LISTED RECORDS:
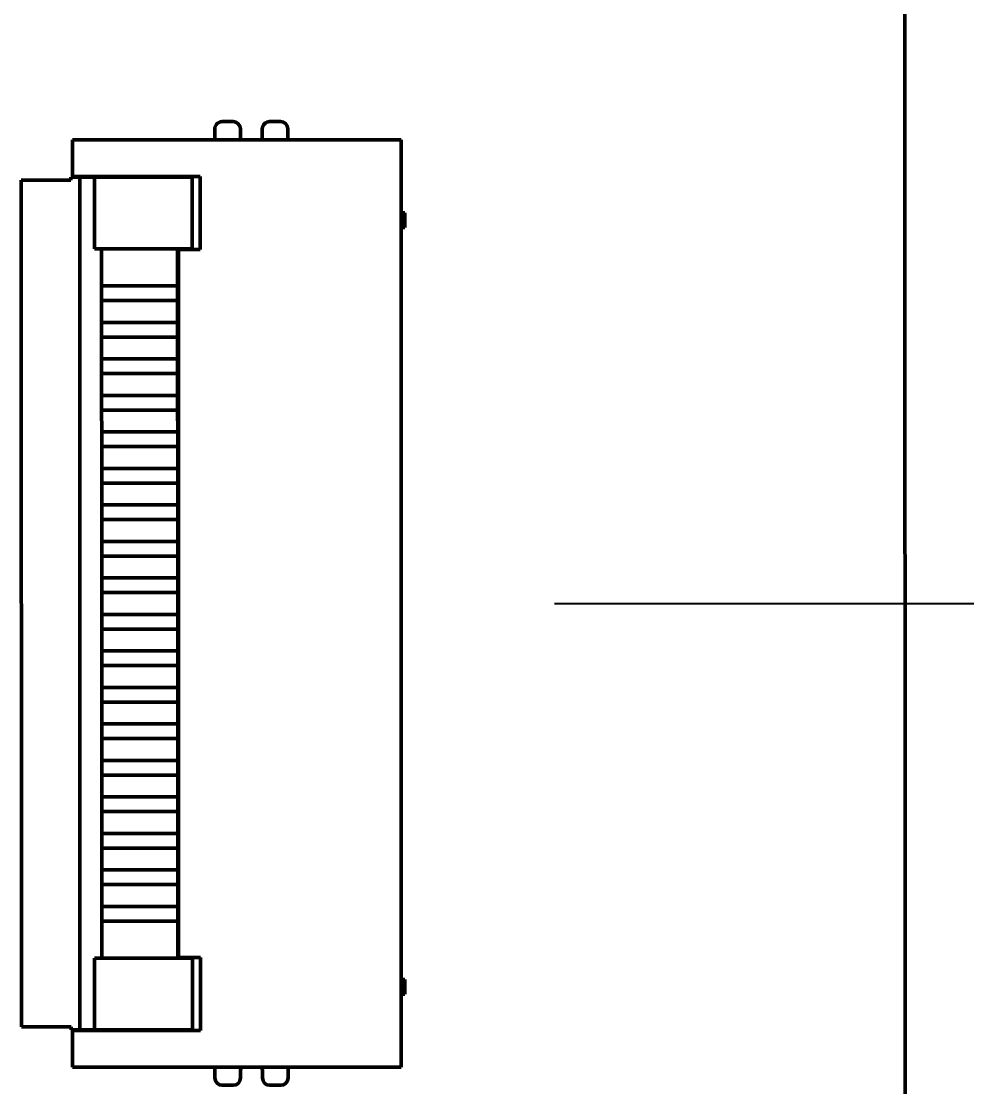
# Model space of a CAD drawing. Header units: millimetres. Extents: x 37 to 347, y 164 to 266.
# Drawn here: x 316.39 to 329.34, y 203.74 to 218.33 of the extents above; entities that cross this region are included whole.
import ezdxf

# ---------------------------------------------------------------- set-up
doc = ezdxf.new("R2010")
doc.units = ezdxf.units.MM
doc.header["$LTSCALE"] = 0.75
doc.layers.add('Visible', color=7, linetype='Continuous', lineweight=50)
doc.layers.add('尺寸标注', color=3, linetype='Continuous', lineweight=25)
doc.styles.get("Standard").update_dxf_attribs({"font": 'arial.ttf'})
doc.dimstyles.new('Dim-ISO-25', dxfattribs={"dimtxt": 3.5, "dimasz": 3.5, "dimexe": 2.1, "dimexo": 2.1, "dimgap": 1.4, "dimtad": 1, "dimzin": 12, "dimdsep": 46, "dimtxsty": 'Standard', "dimcen": 0, "dimazin": 3, "dimtp": 0.1, "dimtm": 0.1, "dimtfac": 0.714286, "dimtmove": 0, "dimatfit": 3, "dimfxl": 1, "dimtzin": 12, "dimarcsym": 0})

# ---------------------------------------------------------------- blocks, each defined once
blk = doc.blocks.new('*D91')
at = {"color": 0, "linetype": 'ByBlock', "lineweight": -2}
for p, q in [((323.694, 210.358), (342.282, 210.358)), ((340.182, 210.358), (340.182, 187.63)), ((325.757, 187.63), (342.282, 187.63))]:
    blk.add_line(p, q, dxfattribs=at)
at = {"color": 0, "linetype": 'ByBlock'}
for points in [[(340.182, 210.358), (339.598, 206.858), (340.765, 206.858)], [(340.182, 187.63), (339.598, 191.13), (340.765, 191.13)]]:
    blk.add_solid(points, dxfattribs=at)
at = {"layer": 'Defpoints', "color": 0, "linetype": 'ByBlock'}
for p in [(321.594, 210.358), (323.657, 187.63)]:
    blk.add_point(p, dxfattribs=at)
at = {"color": 0, "linetype": 'ByBlock', "lineweight": -2, "insert": (337.527, 198.994), "char_height": 2.5, "attachment_point": 5, "rotation": 90}
blk.add_mtext('22.7', dxfattribs=at)

msp = doc.modelspace()

# ---------------------------------------------------------------- linework, layer by layer
at = {"layer": 'Visible'}
for p, q in [((328.497, 184.279), (328.49, 236.439)), ((319.293, 216.958), (319.143, 216.958)), ((319.943, 216.958), (319.793, 216.958)), ((319.043, 216.858), (319.043, 216.708)), ((319.393, 216.758), (319.393, 216.858)), ((319.693, 216.858), (319.693, 216.758)), ((320.043, 216.708), (320.043, 216.858)), ((317.093, 216.208), (317.093, 216.708)), ((321.593, 216.708), (317.093, 216.708)), ((321.593, 216.708), (321.595, 204.008)), ((316.393, 216.158), (316.443, 216.158)), ((316.393, 216.158), (316.395, 204.558)), ((317.073, 216.158), (316.443, 216.158)), ((317.073, 216.198), (317.073, 216.158)), ((317.073, 216.198), (317.193, 216.198)), ((317.093, 216.208), (317.093, 216.198)), ((317.093, 216.208), (318.843, 216.208)), ((317.193, 216.198), (317.393, 216.198)), ((317.193, 216.198), (317.195, 204.518)), ((317.393, 215.218), (317.393, 216.198)), ((317.393, 216.198), (318.533, 216.198)), ((317.593, 216.198), (317.593, 216.208)), ((318.533, 216.198), (318.733, 216.198)), ((318.733, 215.218), (318.733, 216.198)), ((318.843, 216.208), (318.843, 215.208)), ((321.593, 215.708), (321.643, 215.708)), ((321.643, 215.508), (321.643, 215.708)), ((321.593, 215.508), (321.643, 215.508)), ((318.533, 215.218), (317.393, 215.218)), ((317.493, 215.218), (317.493, 214.708)), ((318.533, 214.708), (318.533, 215.218)), ((318.733, 215.218), (318.533, 215.218)), ((318.843, 215.208), (318.543, 215.208)), ((318.543, 215.208), (318.545, 205.508)), ((317.493, 214.508), (317.493, 214.708)), ((317.493, 214.708), (318.533, 214.708)), ((318.533, 214.708), (318.543, 214.708)), ((318.533, 214.708), (318.533, 214.508)), ((317.493, 214.508), (317.493, 214.208)), ((318.533, 214.508), (317.493, 214.508)), ((318.533, 214.508), (318.543, 214.508)), ((318.533, 214.208), (318.533, 214.508)), ((317.493, 214.008), (317.493, 214.208)), ((317.493, 214.208), (318.533, 214.208)), ((318.533, 214.208), (318.543, 214.208)), ((318.533, 214.208), (318.533, 214.008)), ((317.493, 214.008), (317.493, 213.708)), ((318.533, 214.008), (317.493, 214.008)), ((318.533, 214.008), (318.543, 214.008)), ((318.533, 213.708), (318.533, 214.008)), ((317.493, 213.508), (317.493, 213.708)), ((317.493, 213.708), (318.533, 213.708)), ((318.533, 213.708), (318.543, 213.708)), ((318.533, 213.708), (318.533, 213.508)), ((317.493, 213.508), (317.493, 213.208)), ((318.533, 213.508), (317.493, 213.508)), ((318.533, 213.508), (318.543, 213.508)), ((318.533, 213.208), (318.533, 213.508)), ((317.493, 213.008), (317.493, 213.208)), ((317.493, 213.208), (318.533, 213.208)), ((318.533, 213.208), (318.543, 213.208)), ((318.533, 213.208), (318.533, 213.008)), ((317.493, 213.008), (317.494, 212.708)), ((318.533, 213.008), (317.493, 213.008)), ((318.533, 213.008), (318.543, 213.008)), ((318.534, 212.708), (318.533, 213.008)), ((317.494, 212.508), (317.494, 212.708)), ((317.494, 212.708), (318.534, 212.708)), ((318.534, 212.708), (318.544, 212.708)), ((318.534, 212.708), (318.534, 212.508)), ((317.494, 212.508), (317.494, 212.208)), ((318.534, 212.508), (317.494, 212.508)), ((318.534, 212.508), (318.544, 212.508)), ((318.534, 212.208), (318.534, 212.508)), ((317.494, 212.008), (317.494, 212.208)), ((317.494, 212.208), (318.534, 212.208)), ((318.534, 212.208), (318.544, 212.208)), ((318.534, 212.208), (318.534, 212.008)), ((317.494, 212.008), (317.494, 211.708)), ((318.534, 212.008), (317.494, 212.008)), ((318.534, 212.008), (318.544, 212.008)), ((318.534, 211.708), (318.534, 212.008)), ((317.494, 211.508), (317.494, 211.708)), ((317.494, 211.708), (318.534, 211.708)), ((318.534, 211.708), (318.544, 211.708)), ((318.534, 211.708), (318.534, 211.508)), ((317.494, 211.508), (317.494, 211.208)), ((318.534, 211.508), (317.494, 211.508)), ((318.534, 211.508), (318.544, 211.508)), ((318.534, 211.208), (318.534, 211.508)), ((317.494, 211.008), (317.494, 211.208)), ((317.494, 211.208), (318.534, 211.208)), ((318.534, 211.208), (318.544, 211.208)), ((318.534, 211.208), (318.534, 211.008)), ((317.494, 211.008), (317.494, 210.708)), ((318.534, 211.008), (317.494, 211.008)), ((318.534, 211.008), (318.544, 211.008)), ((318.534, 210.708), (318.534, 211.008)), ((317.494, 210.508), (317.494, 210.708)), ((317.494, 210.708), (318.534, 210.708)), ((318.534, 210.708), (318.544, 210.708)), ((318.534, 210.708), (318.534, 210.508)), ((317.494, 210.508), (317.494, 210.208)), ((318.534, 210.508), (317.494, 210.508)), ((318.534, 210.508), (318.544, 210.508)), ((318.534, 210.208), (318.534, 210.508)), ((317.494, 210.008), (317.494, 210.208)), ((317.494, 210.208), (318.534, 210.208)), ((318.534, 210.208), (318.544, 210.208)), ((318.534, 210.208), (318.534, 210.008)), ((317.494, 210.008), (317.494, 209.708)), ((318.534, 210.008), (317.494, 210.008)), ((318.534, 210.008), (318.544, 210.008)), ((318.534, 209.708), (318.534, 210.008)), ((317.494, 209.508), (317.494, 209.708)), ((317.494, 209.708), (318.534, 209.708)), ((318.534, 209.708), (318.544, 209.708)), ((318.534, 209.708), (318.534, 209.508)), ((317.494, 209.508), (317.494, 209.208)), ((318.534, 209.508), (317.494, 209.508)), ((318.534, 209.508), (318.544, 209.508)), ((318.534, 209.208), (318.534, 209.508)), ((317.494, 209.008), (317.494, 209.208)), ((317.494, 209.208), (318.534, 209.208)), ((318.534, 209.208), (318.544, 209.208)), ((318.534, 209.208), (318.534, 209.008)), ((317.494, 209.008), (317.494, 208.708)), ((318.534, 209.008), (317.494, 209.008)), ((318.534, 209.008), (318.544, 209.008)), ((318.534, 208.708), (318.534, 209.008)), ((317.494, 208.508), (317.494, 208.708)), ((317.494, 208.708), (318.534, 208.708)), ((318.534, 208.708), (318.544, 208.708)), ((318.534, 208.708), (318.534, 208.508)), ((317.494, 208.508), (317.494, 208.208)), ((318.534, 208.508), (317.494, 208.508)), ((318.534, 208.508), (318.544, 208.508)), ((318.534, 208.208), (318.534, 208.508)), ((317.494, 208.008), (317.494, 208.208)), ((317.494, 208.208), (318.534, 208.208)), ((318.534, 208.208), (318.544, 208.208)), ((318.534, 208.208), (318.534, 208.008)), ((317.494, 208.008), (317.494, 207.708)), ((318.534, 208.008), (317.494, 208.008)), ((318.534, 208.008), (318.544, 208.008)), ((318.534, 207.708), (318.534, 208.008)), ((317.494, 207.508), (317.494, 207.708)), ((317.494, 207.708), (318.534, 207.708)), ((318.534, 207.708), (318.544, 207.708)), ((318.534, 207.708), (318.534, 207.508)), ((317.494, 207.508), (317.494, 207.208)), ((318.534, 207.508), (317.494, 207.508)), ((318.534, 207.508), (318.544, 207.508)), ((318.534, 207.208), (318.534, 207.508)), ((317.494, 207.008), (317.494, 207.208)), ((317.494, 207.208), (318.534, 207.208)), ((318.534, 207.208), (318.544, 207.208)), ((318.534, 207.208), (318.534, 207.008)), ((317.494, 207.008), (317.494, 206.708)), ((318.534, 207.008), (317.494, 207.008)), ((318.534, 207.008), (318.544, 207.008)), ((318.534, 206.708), (318.534, 207.008)), ((317.494, 206.508), (317.494, 206.708)), ((317.494, 206.708), (318.534, 206.708)), ((318.534, 206.708), (318.544, 206.708)), ((318.534, 206.708), (318.534, 206.508)), ((317.494, 206.508), (317.494, 206.208)), ((318.534, 206.508), (317.494, 206.508)), ((318.534, 206.508), (318.544, 206.508)), ((318.534, 206.208), (318.534, 206.508)), ((317.494, 206.008), (317.494, 206.208)), ((317.494, 206.208), (318.534, 206.208)), ((318.534, 206.208), (318.544, 206.208)), ((318.534, 206.208), (318.534, 206.008)), ((317.494, 206.008), (317.495, 205.498)), ((318.534, 206.008), (317.494, 206.008)), ((318.534, 206.008), (318.544, 206.008)), ((318.535, 205.498), (318.534, 206.008)), ((317.395, 204.518), (317.395, 205.498)), ((317.395, 205.498), (318.535, 205.498)), ((318.535, 205.498), (318.735, 205.498)), ((318.545, 205.508), (318.845, 205.508)), ((318.735, 204.518), (318.735, 205.498)), ((318.845, 205.508), (318.845, 204.508)), ((321.595, 205.208), (321.645, 205.208)), ((321.645, 205.008), (321.645, 205.208)), ((321.595, 205.008), (321.645, 205.008)), ((316.445, 204.558), (316.395, 204.558)), ((316.445, 204.558), (317.075, 204.558)), ((317.075, 204.558), (317.075, 204.518)), ((317.195, 204.518), (317.075, 204.518)), ((317.095, 204.518), (317.095, 204.508)), ((317.095, 204.008), (317.095, 204.508)), ((318.845, 204.508), (317.095, 204.508)), ((317.395, 204.518), (317.195, 204.518)), ((318.535, 204.518), (317.395, 204.518)), ((317.595, 204.508), (317.595, 204.518)), ((318.735, 204.518), (318.535, 204.518)), ((317.095, 204.008), (321.595, 204.008)), ((319.045, 204.008), (319.045, 203.858)), ((319.395, 203.858), (319.395, 203.958)), ((319.695, 203.958), (319.695, 203.858)), ((320.045, 203.858), (320.045, 204.008)), ((319.145, 203.758), (319.295, 203.758)), ((319.795, 203.758), (319.945, 203.758))]:
    msp.add_line(p, q, dxfattribs=at)
for centre, start, end in [((319.143, 216.858), 90.008, 180.008), ((319.293, 216.858), 0.008, 90.008), ((319.793, 216.858), 90.008, 180.008), ((319.943, 216.858), 0.008, 90.008), ((319.145, 203.858), 180.008, 270.008), ((319.295, 203.858), 270.008, 0.008), ((319.795, 203.858), 180.008, 270.008), ((319.945, 203.858), 270.008, 0.008)]:
    msp.add_arc(centre, 0.1, start, end, dxfattribs=at)
at = {"layer": 'Visible', "extrusion": (0, 0, -1)}
for centre, start, end in [((-319.493, 216.758), 329.992, 359.992), ((-319.593, 216.758), 179.992, 209.992), ((-319.495, 203.958), 359.992, 29.992), ((-319.595, 203.958), 149.992, 179.992)]:
    msp.add_arc(centre, 0.1, start, end, dxfattribs=at)

# ---------------------------------------------------------------- dimensions: what is measured, and where the dimension line sits
at = {"layer": '尺寸标注'}
dim = msp.add_linear_dim(base=(340.182, 187.63), p1=(321.594, 210.358), p2=(323.657, 187.63), angle=90, text='22.7', dimstyle='Dim-ISO-25', override={"dimtxt": 2.5, "dimtoh": 1}, dxfattribs=at)
dim.commit()
dim.dimension.update_dxf_attribs({"geometry": '*D91', "text_midpoint": (337.527, 198.994)})

doc.saveas('drawing.dxf')

WHAT YOU ARE ASKED TO DO:
Only an exact copy is wanted here: the line containing "msp.add_line(p, q, dxfattribs=at)" and every later line, up to and including the last line of the listing.

ANSWER SECTION:
    msp.add_line(p, q, dxfattribs=at)
for centre, start, end in [((319.143, 216.858), 90.008, 180.008), ((319.293, 216.858), 0.008, 90.008), ((319.793, 216.858), 90.008, 180.008), ((319.943, 216.858), 0.008, 90.008), ((319.145, 203.858), 180.008, 270.008), ((319.295, 203.858), 270.008, 0.008), ((319.795, 203.858), 180.008, 270.008), ((319.945, 203.858), 270.008, 0.008)]:
    msp.add_arc(centre, 0.1, start, end, dxfattribs=at)
at = {"layer": 'Visible', "extrusion": (0, 0, -1)}
for centre, start, end in [((-319.493, 216.758), 329.992, 359.992), ((-319.593, 216.758), 179.992, 209.992), ((-319.495, 203.958), 359.992, 29.992), ((-319.595, 203.958), 149.992, 179.992)]:
    msp.add_arc(centre, 0.1, start, end, dxfattribs=at)

# ---------------------------------------------------------------- dimensions: what is measured, and where the dimension line sits
at = {"layer": '尺寸标注'}
dim = msp.add_linear_dim(base=(340.182, 187.63), p1=(321.594, 210.358), p2=(323.657, 187.63), angle=90, text='22.7', dimstyle='Dim-ISO-25', override={"dimtxt": 2.5, "dimtoh": 1}, dxfattribs=at)
dim.commit()
dim.dimension.update_dxf_attribs({"geometry": '*D91', "text_midpoint": (337.527, 198.994)})

doc.saveas('drawing.dxf')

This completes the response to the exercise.